Macy sought and obtained a civil harassment protection order after a series of confrontations at the agency in 2014. That has since lapsed and Macy has twice petitioned federal judges to transfer the order to that court. Her second petition is pending after the first case was dismissed when the state court vacated the protection order.
Federal officials had the case moved to federal court, as all the allegations in Macy's petitions occurred in the workplace.
The protection order was granted after Macy alleged Hoyt made threats toward her in an elevator and while she was on her way to the women's bathroom at their office.
"You should have backed me up, Valorie," she quoted Hoyt as saying.
Hoyt and two other agents countered that it was Macy who threatened them in the elevator.
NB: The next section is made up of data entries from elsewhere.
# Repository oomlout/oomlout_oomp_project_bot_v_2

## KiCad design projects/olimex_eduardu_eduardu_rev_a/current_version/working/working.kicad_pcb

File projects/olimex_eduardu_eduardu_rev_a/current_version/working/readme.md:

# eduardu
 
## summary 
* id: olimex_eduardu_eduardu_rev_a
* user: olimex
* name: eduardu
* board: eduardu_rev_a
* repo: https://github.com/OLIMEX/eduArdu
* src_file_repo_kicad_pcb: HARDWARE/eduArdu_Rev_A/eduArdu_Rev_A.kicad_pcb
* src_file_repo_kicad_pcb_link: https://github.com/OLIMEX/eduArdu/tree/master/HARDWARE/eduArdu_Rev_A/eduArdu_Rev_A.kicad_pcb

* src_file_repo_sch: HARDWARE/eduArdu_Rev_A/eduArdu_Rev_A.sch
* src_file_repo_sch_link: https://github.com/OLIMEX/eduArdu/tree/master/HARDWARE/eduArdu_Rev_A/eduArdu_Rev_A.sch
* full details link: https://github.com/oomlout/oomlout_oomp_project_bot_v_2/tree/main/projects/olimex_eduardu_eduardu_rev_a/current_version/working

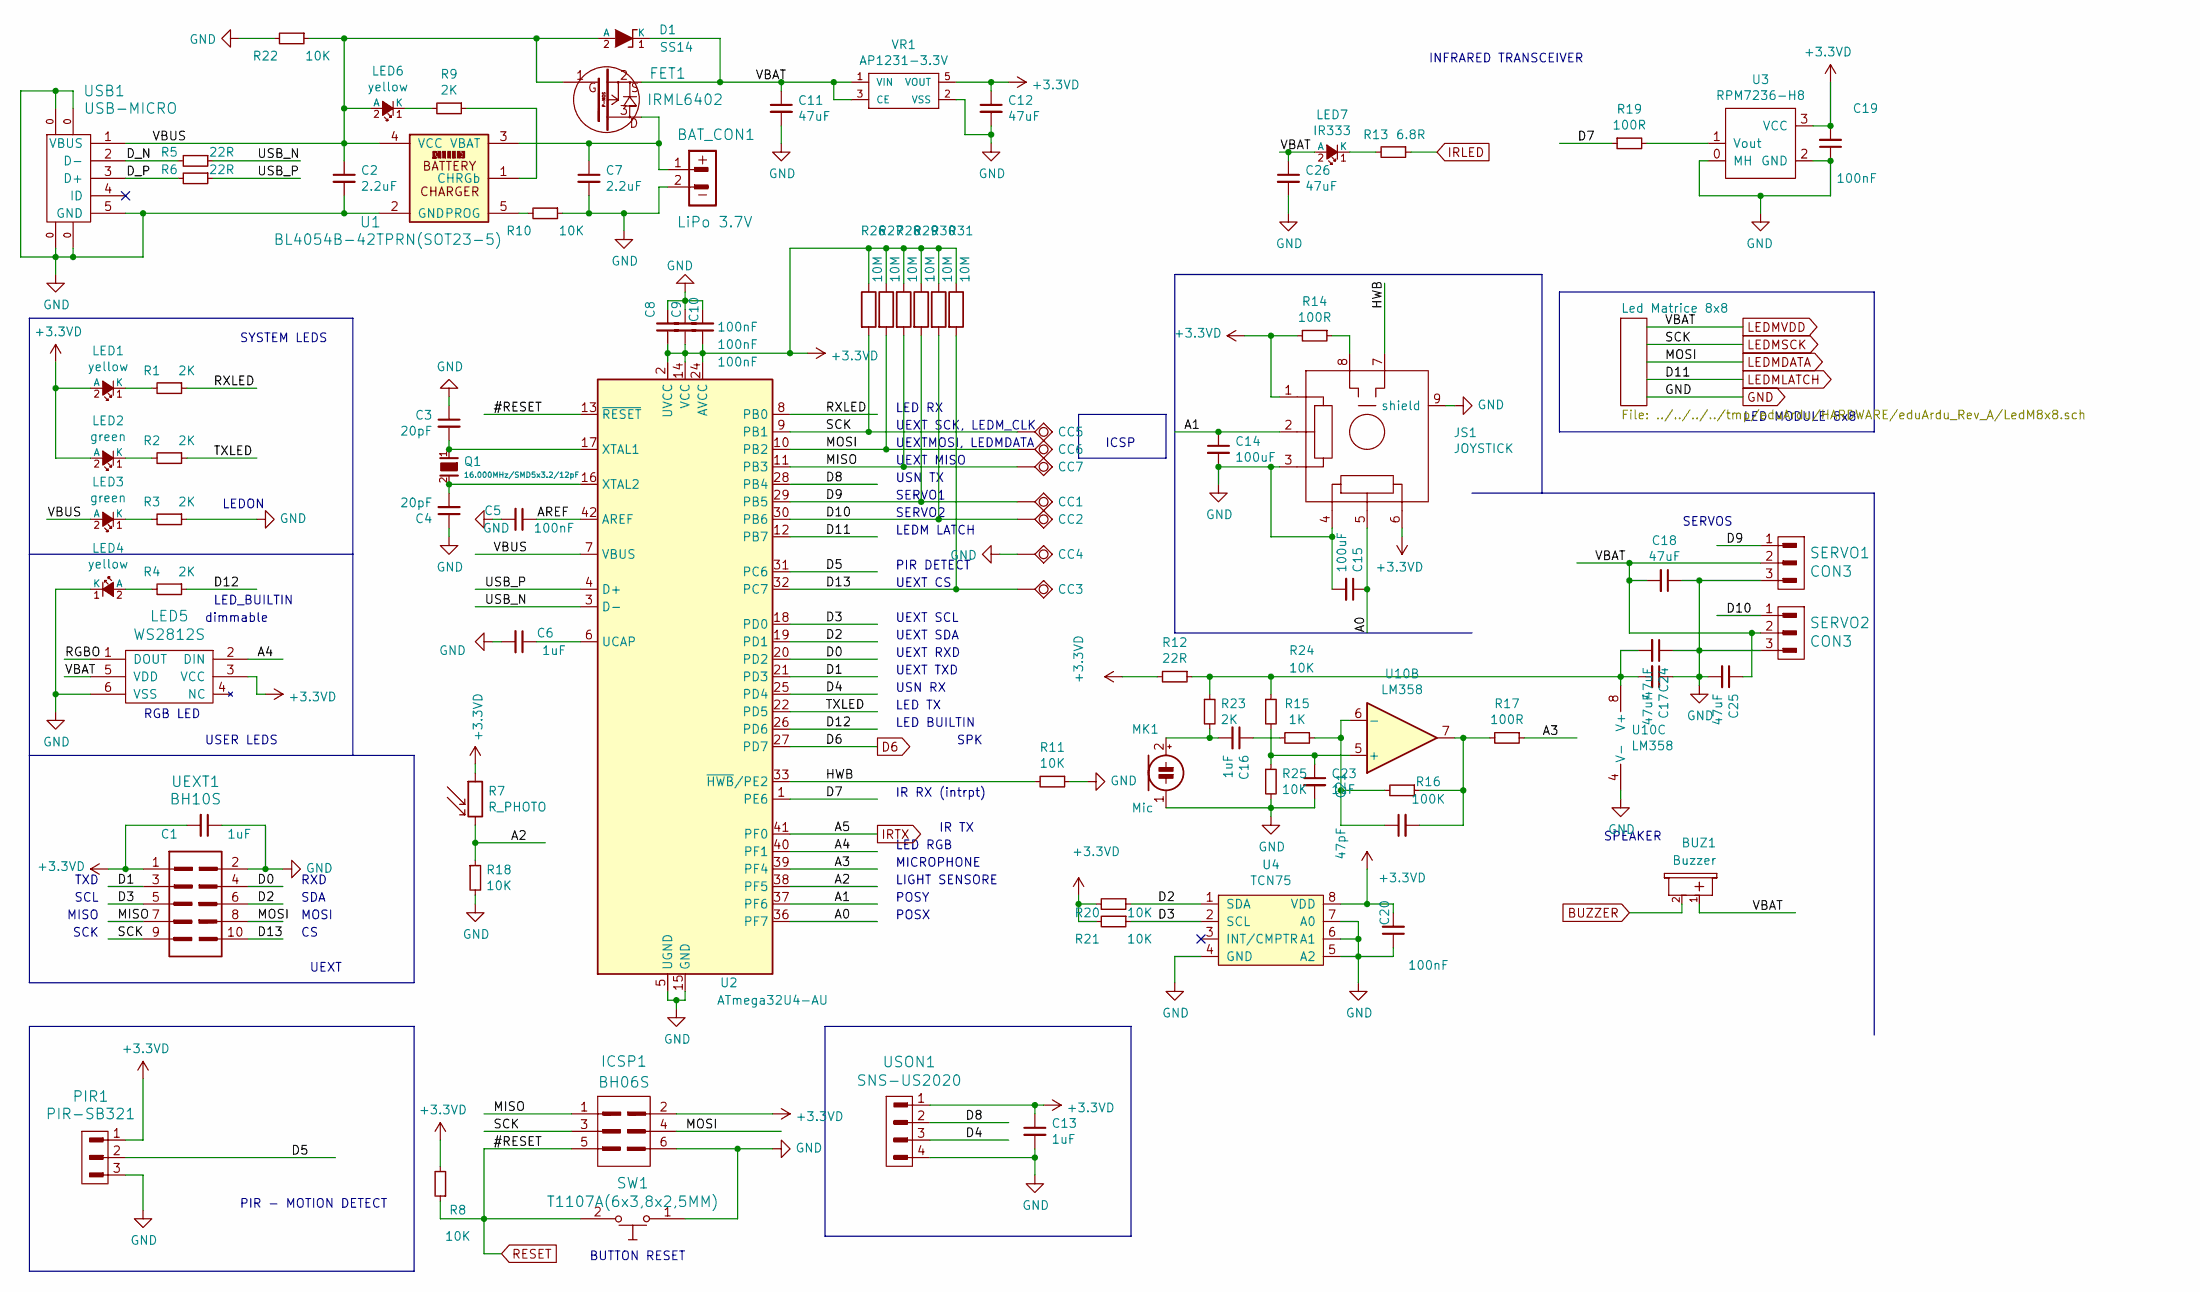
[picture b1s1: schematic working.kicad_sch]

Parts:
BAT_CON1: LiPo 3.7V; LIPO_BAT-CON2DW02R
BUZ1: Buzzer; BUZZER-PB1240
C1, C6, C13, C16, C23: 1uF; C_0603_5MIL_DWS
C2, C7: 2.2uF; C_0603_5MIL_DWS
C3, C4: 20pF; C_0402_5MIL_DWS
C5, C8, C9, C10, C19, C20: 100nF; C_0402_5MIL_DWS
C11, C12, C18, C26: 47uF; C_0805_5MIL_DWS
C14, C15: 100uF; C_0402_5MIL_DWS
C17, C24, C25: 47uF; C_0603_5MIL_DWS
C21: 47pF; C_0402_5MIL_DWS
CC1, CC2, CC3, CC4, CC5, CC6, CC7: TESTPAD; Mounting_hole_Shield_4.3mm
D1: SS14; SMA-KA
FET1: IRML6402; SOT23
ICSP1: BH06S; HN2x3
JS1: JOYSTICK
LED1, LED4, LED6: yellow; LED_0603_KA
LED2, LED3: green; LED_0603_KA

Other filings in the case indicate that the rancor between staff members peaked when Hoyt apparently filed a complaint with the Office of the Inspector General against Gaynor. The details of that complaint were not immediately available.
According to documents filed in connection with Macy's complaint, supervisors scrambled to find a suitable workplace compromise when she secured the protection order. They shuffled Hoyt to other agency task forces off-site, records state. They settled on letting him come into the Homeland Security office once per week — on Tuesdays — while Macy was working in the Hartford office.
In early 2015, Gaynor sent a disturbing memo entitled "Personnel Safety Concerns About RAC Springfield Office Environment" to a Homeland Security Department supervisor in Boston. It detailed several examples of alleged confrontations between Springfield employees in 2014.
He alleged Agent Gregory Boucher made hang-up or "heavy breathing" calls to Macy at the office in March of 2014 and they were flagged by caller ID.
He alleged that Hoyt became "physically aggressive" toward him and balled up his fists during a meeting the same month. "Based on my 16 years of law enforcement experience this is the first time I have encountered such behavior and considered this a personal threat," the memo noted.
He alleged that agents under his purview continued to be "insolent" and "defiant" and resisted investigative work.
He alleged Hoyt, and agents Ross Gazzaniga and Timothy Irving got into a fistfight in the men's room at the Homeland Security office in July of 2014.
Gaynor concluded that Boucher, Hoyt and Gazzaniga should be medically evaluated for their fitness to carry guns and should be placed on administrative leave. It doesn't appear that happened and it is unclear whether it was truly warranted.
At any rate, things continued to deteriorate between Macy and Hoyt, according to documents she filed with the court.
She alleges that on Dec. 1, Hoyt entered the office while she was there, and began screaming profanities at Gaynor about her. Then on Dec. 3, Macy said Hoyt came into the office with his wife, punched in the code to the firearms holding room and emerged with "an armful of automatic weapons."
"They went into his office. I heard clicking metal noises. I started dialing 911 and my boss. They heard me. She said 'we are leaving.' My boss told me to go into the office and lock the door," reads a second application Macy filed in Eastern Hampshire District Court for a restraining order on Dec. 9.
In other documents, Hoyt argued he only went to the office to collect a rifle for mandated firearms certification required by the agency. All parties seem to agree he never directly threatened Macy or brandished a weapon. However, the memo indefinitely barring him from the grounds altogether went out the same day.
Macy, who is representing herself in the legal dispute, filed a subsequent motion stating the experience terrified her so much she went temporarily blind and suspected that she suffered a stroke.
There are no hearings scheduled in the federal case.